[Extracted records]

★ ★ ★ ★ ★ ★ ★

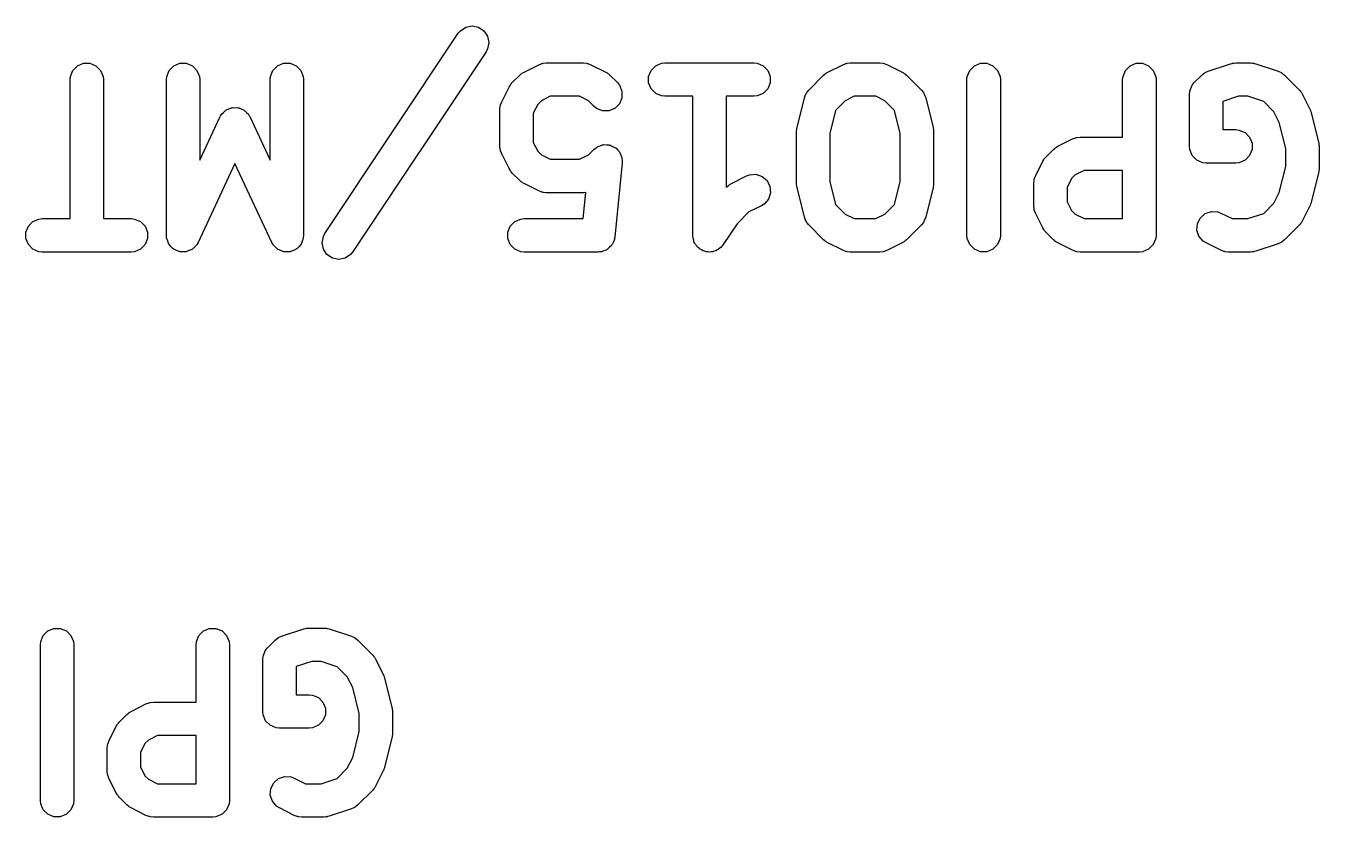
# Model space of a CAD drawing. Header units: inches. Extents: x 1.56 to 3.89, y -5.01 to -1.23.
# Drawn here: x 1.9644 to 2.1933, y -1.7669 to -1.6269 of the extents above; entities that cross this region are included whole.
import ezdxf

# ---------------------------------------------------------------- set-up
doc = ezdxf.new("R2010")
doc.units = ezdxf.units.IN
doc.header["$MEASUREMENT"] = 0
doc.layers.add('F.Silkscreen', color=41, linetype='CONTINUOUS', true_color=0xf2eda1)

msp = doc.modelspace()

# ---------------------------------------------------------------- linework, layer by layer
at = {"layer": 'F.Silkscreen', "linetype": 'CONTINUOUS'}
for p, q in [((2.04093, -1.62818), (2.0413, -1.62773)), ((2.0413, -1.62773), (2.04225, -1.62709)), ((2.04225, -1.62709), (2.04338, -1.62686)), ((2.04338, -1.62686), (2.04451, -1.62709)), ((2.04451, -1.62709), (2.04547, -1.62772)), ((2.04547, -1.62772), (2.04611, -1.62868)), ((2.01731, -1.66361), (2.04093, -1.62818)), ((2.04611, -1.62868), (2.04634, -1.62981)), ((2.04634, -1.62981), (2.04612, -1.63094)), ((2.04584, -1.63145), (2.02222, -1.66689)), ((2.04612, -1.63094), (2.04584, -1.63145)), ((1.97269, -1.63474), (1.9735, -1.63392)), ((1.9735, -1.63392), (1.97457, -1.63348)), ((1.97457, -1.63348), (1.97572, -1.63348)), ((1.97572, -1.63348), (1.97679, -1.63392)), ((1.97679, -1.63392), (1.9776, -1.63474)), ((1.98975, -1.63474), (1.99056, -1.63392)), ((1.99056, -1.63392), (1.99163, -1.63348)), ((1.99163, -1.63348), (1.99278, -1.63348)), ((1.99278, -1.63348), (1.99385, -1.63392)), ((1.99385, -1.63392), (1.99466, -1.63474)), ((2.00812, -1.63474), (2.00894, -1.63392)), ((2.00894, -1.63392), (2.01, -1.63348)), ((2.01, -1.63348), (2.01115, -1.63348)), ((2.01115, -1.63348), (2.01222, -1.63392)), ((2.01222, -1.63392), (2.01303, -1.63474)), ((2.05256, -1.63505), (2.05519, -1.63374)), ((2.05519, -1.63374), (2.05573, -1.63353)), ((2.05573, -1.63353), (2.05584, -1.63352)), ((2.05584, -1.63352), (2.05593, -1.63348)), ((2.05593, -1.63348), (2.05651, -1.63342)), ((2.05651, -1.63342), (2.06307, -1.63342)), ((2.06307, -1.63342), (2.06365, -1.63348)), ((2.06365, -1.63348), (2.06375, -1.63352)), ((2.06375, -1.63352), (2.06385, -1.63353)), ((2.06385, -1.63353), (2.06439, -1.63374)), ((2.06439, -1.63374), (2.06702, -1.63505)), ((2.07505, -1.63474), (2.07587, -1.63392)), ((2.07587, -1.63392), (2.07693, -1.63348)), ((2.07693, -1.63348), (2.07751, -1.63342)), ((2.07751, -1.63342), (2.09326, -1.63342)), ((2.09326, -1.63342), (2.09383, -1.63348)), ((2.09383, -1.63348), (2.0949, -1.63392)), ((2.0949, -1.63392), (2.09571, -1.63474)), ((2.10637, -1.63505), (2.109, -1.63374)), ((2.109, -1.63374), (2.10954, -1.63353)), ((2.10954, -1.63353), (2.10964, -1.63352)), ((2.10964, -1.63352), (2.10974, -1.63348)), ((2.10974, -1.63348), (2.11032, -1.63342)), ((2.11032, -1.63342), (2.11556, -1.63342)), ((2.11556, -1.63342), (2.11614, -1.63348)), ((2.11614, -1.63348), (2.11624, -1.63352)), ((2.11624, -1.63352), (2.11634, -1.63353)), ((2.11634, -1.63353), (2.11689, -1.63374)), ((2.11689, -1.63374), (2.11951, -1.63505)), ((2.13148, -1.63474), (2.1323, -1.63392)), ((2.1323, -1.63392), (2.13336, -1.63348)), ((2.13336, -1.63348), (2.13451, -1.63348)), ((2.13451, -1.63348), (2.13558, -1.63392)), ((2.13558, -1.63392), (2.13639, -1.63474)), ((2.15904, -1.63474), (2.15986, -1.63392)), ((2.15986, -1.63392), (2.16092, -1.63348)), ((2.16092, -1.63348), (2.16207, -1.63348)), ((2.16207, -1.63348), (2.16314, -1.63392)), ((2.16314, -1.63392), (2.16395, -1.63474)), ((2.17369, -1.63489), (2.17762, -1.63358)), ((2.17762, -1.63358), (2.17791, -1.63351)), ((2.17791, -1.63351), (2.17798, -1.63348)), ((2.17798, -1.63348), (2.17809, -1.63347)), ((2.17809, -1.63347), (2.17819, -1.63345)), ((2.17819, -1.63345), (2.17827, -1.63345)), ((2.17827, -1.63345), (2.17856, -1.63342)), ((2.17856, -1.63342), (2.18118, -1.63342)), ((2.18118, -1.63342), (2.18147, -1.63345)), ((2.18147, -1.63345), (2.18155, -1.63345)), ((2.18155, -1.63345), (2.18165, -1.63347)), ((2.18165, -1.63347), (2.18176, -1.63348)), ((2.18176, -1.63348), (2.18183, -1.63351)), ((2.18183, -1.63351), (2.18212, -1.63358)), ((2.18212, -1.63358), (2.18605, -1.63489)), ((1.97219, -1.63638), (1.97225, -1.6358)), ((1.97219, -1.66098), (1.97219, -1.63638)), ((1.97225, -1.6358), (1.97269, -1.63474)), ((1.9776, -1.63474), (1.97804, -1.6358)), ((1.97804, -1.6358), (1.9781, -1.63638)), ((1.9781, -1.63638), (1.9781, -1.66098)), ((1.98925, -1.63638), (1.98931, -1.6358)), ((1.98925, -1.66394), (1.98925, -1.63638)), ((1.98931, -1.6358), (1.98975, -1.63474)), ((1.99466, -1.63474), (1.9951, -1.6358)), ((1.9951, -1.6358), (1.99516, -1.63638)), ((1.99516, -1.63638), (1.99516, -1.65063)), ((2.00763, -1.63638), (2.00768, -1.6358)), ((2.00763, -1.65063), (2.00763, -1.63638)), ((2.00768, -1.6358), (2.00812, -1.63474)), ((2.01303, -1.63474), (2.01347, -1.6358)), ((2.01347, -1.6358), (2.01353, -1.63638)), ((2.01353, -1.63638), (2.01353, -1.66394)), ((2.0503, -1.63714), (2.05048, -1.63691)), ((2.05048, -1.63691), (2.0518, -1.6356)), ((2.0518, -1.6356), (2.05202, -1.63542)), ((2.05202, -1.63542), (2.05207, -1.63536)), ((2.05207, -1.63536), (2.05216, -1.6353)), ((2.05216, -1.6353), (2.05224, -1.63523)), ((2.05224, -1.63523), (2.05232, -1.6352)), ((2.05232, -1.6352), (2.05256, -1.63505)), ((2.06702, -1.63505), (2.06726, -1.6352)), ((2.06726, -1.6352), (2.06734, -1.63523)), ((2.06734, -1.63523), (2.06742, -1.6353)), ((2.06742, -1.6353), (2.06751, -1.63536)), ((2.06751, -1.63536), (2.06756, -1.63542)), ((2.06756, -1.63542), (2.06778, -1.6356)), ((2.06778, -1.6356), (2.0691, -1.63691)), ((2.0691, -1.63691), (2.06946, -1.63736)), ((2.07461, -1.6358), (2.07505, -1.63474)), ((2.07461, -1.63695), (2.07461, -1.6358)), ((2.07505, -1.63802), (2.07461, -1.63695)), ((2.09571, -1.63474), (2.09615, -1.6358)), ((2.09615, -1.63695), (2.09571, -1.63802)), ((2.09615, -1.6358), (2.09615, -1.63695)), ((2.10298, -1.63823), (2.1056, -1.6356)), ((2.1056, -1.6356), (2.10583, -1.63542)), ((2.10583, -1.63542), (2.10588, -1.63536)), ((2.10588, -1.63536), (2.10597, -1.6353)), ((2.10597, -1.6353), (2.10605, -1.63523)), ((2.10605, -1.63523), (2.10612, -1.6352)), ((2.10612, -1.6352), (2.10637, -1.63505)), ((2.11951, -1.63505), (2.11976, -1.6352)), ((2.11976, -1.6352), (2.11983, -1.63523)), ((2.11983, -1.63523), (2.11991, -1.6353)), ((2.11991, -1.6353), (2.12, -1.63536)), ((2.12, -1.63536), (2.12005, -1.63542)), ((2.12005, -1.63542), (2.12028, -1.6356)), ((2.12028, -1.6356), (2.1229, -1.63823)), ((2.13098, -1.63638), (2.13104, -1.6358)), ((2.13098, -1.66394), (2.13098, -1.63638)), ((2.13104, -1.6358), (2.13148, -1.63474)), ((2.13639, -1.63474), (2.13683, -1.6358)), ((2.13683, -1.6358), (2.13689, -1.63638)), ((2.13689, -1.63638), (2.13689, -1.66394)), ((2.15854, -1.63638), (2.1586, -1.6358)), ((2.15854, -1.64655), (2.15854, -1.63638)), ((2.1586, -1.6358), (2.15904, -1.63474)), ((2.16395, -1.63474), (2.16439, -1.6358)), ((2.16439, -1.6358), (2.16445, -1.63638)), ((2.16445, -1.63638), (2.16445, -1.66394)), ((2.17085, -1.63736), (2.17122, -1.63691)), ((2.17122, -1.63691), (2.17253, -1.6356)), ((2.17253, -1.6356), (2.17298, -1.63523)), ((2.17298, -1.63523), (2.17308, -1.63519)), ((2.17308, -1.63519), (2.17316, -1.63512)), ((2.17316, -1.63512), (2.17369, -1.63489)), ((2.18605, -1.63489), (2.18658, -1.63512)), ((2.18658, -1.63512), (2.18666, -1.63519)), ((2.18666, -1.63519), (2.18676, -1.63523)), ((2.18676, -1.63523), (2.18721, -1.6356)), ((2.18721, -1.6356), (2.18983, -1.63823)), ((2.04862, -1.64031), (2.04993, -1.63768)), ((2.04993, -1.63768), (2.05009, -1.63743)), ((2.05009, -1.63743), (2.05012, -1.63736)), ((2.05012, -1.63736), (2.05018, -1.63728)), ((2.05018, -1.63728), (2.05024, -1.63719)), ((2.05024, -1.63719), (2.0503, -1.63714)), ((2.06946, -1.63736), (2.0699, -1.63843)), ((2.0699, -1.63843), (2.0699, -1.63958)), ((2.07587, -1.63883), (2.07505, -1.63802)), ((2.07693, -1.63927), (2.07587, -1.63883)), ((2.0949, -1.63883), (2.09383, -1.63927)), ((2.09571, -1.63802), (2.0949, -1.63883)), ((2.1022, -1.6396), (2.1024, -1.63905)), ((2.1024, -1.63905), (2.10253, -1.63888)), ((2.10253, -1.63888), (2.10261, -1.63867)), ((2.10261, -1.63867), (2.10298, -1.63823)), ((2.1229, -1.63823), (2.12327, -1.63867)), ((2.12327, -1.63867), (2.12335, -1.63888)), ((2.12335, -1.63888), (2.12348, -1.63905)), ((2.12348, -1.63905), (2.12368, -1.6396)), ((2.17035, -1.639), (2.17041, -1.63843)), ((2.17035, -1.64819), (2.17035, -1.639)), ((2.17041, -1.63843), (2.17085, -1.63736)), ((2.18983, -1.63823), (2.19002, -1.63845)), ((2.19002, -1.63845), (2.19008, -1.6385)), ((2.19008, -1.6385), (2.19013, -1.63859)), ((2.19013, -1.63859), (2.1902, -1.63867)), ((2.1902, -1.63867), (2.19023, -1.63875)), ((2.19023, -1.63875), (2.19038, -1.63899)), ((2.19038, -1.63899), (2.1917, -1.64162)), ((2.00028, -1.64157), (2.00069, -1.64138)), ((2.00069, -1.64138), (2.00082, -1.64138)), ((2.00082, -1.64138), (2.00094, -1.64133)), ((2.00094, -1.64133), (2.00139, -1.64135)), ((2.00139, -1.64135), (2.00184, -1.64133)), ((2.00184, -1.64133), (2.00196, -1.64138)), ((2.00196, -1.64138), (2.00209, -1.64138)), ((2.00209, -1.64138), (2.0025, -1.64157)), ((2.04831, -1.64163), (2.04836, -1.64105)), ((2.04836, -1.64105), (2.0484, -1.64095)), ((2.0484, -1.64095), (2.04841, -1.64085)), ((2.04841, -1.64085), (2.04862, -1.64031)), ((2.055, -1.64075), (2.05421, -1.64232)), ((2.05563, -1.64012), (2.055, -1.64075)), ((2.05721, -1.63933), (2.05563, -1.64012)), ((2.06237, -1.63933), (2.05721, -1.63933)), ((2.06395, -1.64012), (2.06237, -1.63933)), ((2.06492, -1.64109), (2.06395, -1.64012)), ((2.06537, -1.64146), (2.06492, -1.64109)), ((2.06643, -1.6419), (2.06537, -1.64146)), ((2.06865, -1.64146), (2.06758, -1.6419)), ((2.06946, -1.64064), (2.06865, -1.64146)), ((2.0699, -1.63958), (2.06946, -1.64064)), ((2.07751, -1.63933), (2.07693, -1.63927)), ((2.08243, -1.63933), (2.07751, -1.63933)), ((2.08243, -1.66394), (2.08243, -1.63933)), ((2.09326, -1.63933), (2.08833, -1.63933)), ((2.08833, -1.63933), (2.08833, -1.65549)), ((2.09383, -1.63927), (2.09326, -1.63933)), ((2.10089, -1.64485), (2.1022, -1.6396)), ((2.10944, -1.64012), (2.10773, -1.64182)), ((2.11101, -1.63933), (2.10944, -1.64012)), ((2.11487, -1.63933), (2.11101, -1.63933)), ((2.11644, -1.64012), (2.11487, -1.63933)), ((2.11815, -1.64182), (2.11644, -1.64012)), ((2.12368, -1.6396), (2.12499, -1.64485)), ((2.17904, -1.63933), (2.17626, -1.64025)), ((2.17626, -1.64025), (2.17626, -1.64523)), ((2.1807, -1.63933), (2.17904, -1.63933)), ((2.18352, -1.64027), (2.1807, -1.63933)), ((2.18532, -1.64206), (2.18352, -1.64027)), ((1.99516, -1.65063), (1.99872, -1.643)), ((1.99872, -1.643), (1.99884, -1.64279)), ((1.99884, -1.64279), (1.99887, -1.64272)), ((1.99887, -1.64272), (1.99891, -1.64267)), ((1.99891, -1.64267), (1.99901, -1.6425)), ((1.99901, -1.6425), (1.99934, -1.6422)), ((1.99934, -1.6422), (1.99965, -1.64187)), ((1.99965, -1.64187), (1.99976, -1.64181)), ((1.99976, -1.64181), (1.99986, -1.64173)), ((1.99986, -1.64173), (2.00028, -1.64157)), ((2.0025, -1.64157), (2.00292, -1.64173)), ((2.00292, -1.64173), (2.00302, -1.64181)), ((2.00302, -1.64181), (2.00314, -1.64187)), ((2.00314, -1.64187), (2.00344, -1.6422)), ((2.00344, -1.6422), (2.00377, -1.6425)), ((2.00377, -1.6425), (2.00387, -1.64267)), ((2.00387, -1.64267), (2.00392, -1.64272)), ((2.00392, -1.64272), (2.00394, -1.64279)), ((2.00394, -1.64279), (2.00407, -1.643)), ((2.00407, -1.643), (2.00763, -1.65063)), ((2.04831, -1.64819), (2.04831, -1.64163)), ((2.05421, -1.64232), (2.05421, -1.64749)), ((2.06758, -1.6419), (2.06643, -1.6419)), ((2.10773, -1.64182), (2.10671, -1.64593)), ((2.11917, -1.64593), (2.11815, -1.64182)), ((2.18627, -1.64397), (2.18532, -1.64206)), ((2.1917, -1.64162), (2.19171, -1.64166)), ((2.19171, -1.64166), (2.19173, -1.64168)), ((2.19173, -1.64168), (2.19181, -1.64192)), ((2.19181, -1.64192), (2.1919, -1.64216)), ((2.1919, -1.64216), (2.19191, -1.64218)), ((2.19191, -1.64218), (2.19192, -1.64222)), ((2.19192, -1.64222), (2.19323, -1.64747)), ((2.1008, -1.64542), (2.10084, -1.6452)), ((2.10081, -1.64546), (2.1008, -1.64542)), ((2.1008, -1.64556), (2.10081, -1.64546)), ((2.1008, -1.65475), (2.1008, -1.64556)), ((2.10084, -1.6452), (2.10086, -1.64499)), ((2.10086, -1.64499), (2.10087, -1.64495)), ((2.10087, -1.64495), (2.10089, -1.64485)), ((2.10671, -1.64593), (2.10671, -1.65439)), ((2.11917, -1.65439), (2.11917, -1.64593)), ((2.12499, -1.64485), (2.12501, -1.64495)), ((2.12501, -1.64495), (2.12502, -1.64499)), ((2.12502, -1.64499), (2.12504, -1.6452)), ((2.12504, -1.6452), (2.12508, -1.64542)), ((2.12508, -1.64542), (2.12507, -1.64546)), ((2.12507, -1.64546), (2.12508, -1.64556)), ((2.12508, -1.64556), (2.12508, -1.65475)), ((2.17626, -1.64523), (2.17856, -1.64523)), ((2.17856, -1.64523), (2.17913, -1.64529)), ((2.17913, -1.64529), (2.1802, -1.64573)), ((2.1802, -1.64573), (2.18101, -1.64655)), ((2.18742, -1.64855), (2.18627, -1.64397)), ((2.04836, -1.64876), (2.04831, -1.64819)), ((2.05421, -1.64749), (2.055, -1.64906)), ((2.06492, -1.64872), (2.06537, -1.64836)), ((2.06537, -1.64836), (2.06551, -1.6483)), ((2.06551, -1.6483), (2.06562, -1.64821)), ((2.06562, -1.64821), (2.06603, -1.64808)), ((2.06603, -1.64808), (2.06643, -1.64792)), ((2.06643, -1.64792), (2.06658, -1.64792)), ((2.06658, -1.64792), (2.06672, -1.64787)), ((2.06672, -1.64787), (2.06715, -1.64792)), ((2.06715, -1.64792), (2.06758, -1.64792)), ((2.06758, -1.64792), (2.06772, -1.64797)), ((2.06772, -1.64797), (2.06787, -1.64799)), ((2.06787, -1.64799), (2.06825, -1.64819)), ((2.06825, -1.64819), (2.06865, -1.64836)), ((2.06865, -1.64836), (2.06875, -1.64846)), ((2.14665, -1.64842), (2.14673, -1.64836)), ((2.14673, -1.64836), (2.1468, -1.64833)), ((2.1468, -1.64833), (2.14705, -1.64817)), ((2.14705, -1.64817), (2.14968, -1.64686)), ((2.14968, -1.64686), (2.15022, -1.64665)), ((2.15022, -1.64665), (2.15032, -1.64664)), ((2.15032, -1.64664), (2.15042, -1.6466)), ((2.15042, -1.6466), (2.151, -1.64655)), ((2.151, -1.64655), (2.15854, -1.64655)), ((2.17041, -1.64876), (2.17035, -1.64819)), ((2.18101, -1.64655), (2.18145, -1.64761)), ((2.18145, -1.64761), (2.18145, -1.64876)), ((2.19323, -1.64747), (2.19325, -1.64757)), ((2.19325, -1.64757), (2.19326, -1.64761)), ((2.19326, -1.64761), (2.19329, -1.64783)), ((2.19329, -1.64783), (2.19332, -1.64804)), ((2.19332, -1.64804), (2.19331, -1.64809)), ((2.19331, -1.64809), (2.19332, -1.64819)), ((2.19332, -1.64819), (2.19332, -1.65212)), ((2.0484, -1.64886), (2.04836, -1.64876)), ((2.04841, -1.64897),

★ ★ ★ ★ ★ ★ ★

Task goal
Go through the entries above and report every line in which the word "CONTINUOUS" appears.

Answer space
doc.layers.add('F.Silkscreen', color=41, linetype='CONTINUOUS', true_color=0xf2eda1)
at = {"layer": 'F.Silkscreen', "linetype": 'CONTINUOUS'}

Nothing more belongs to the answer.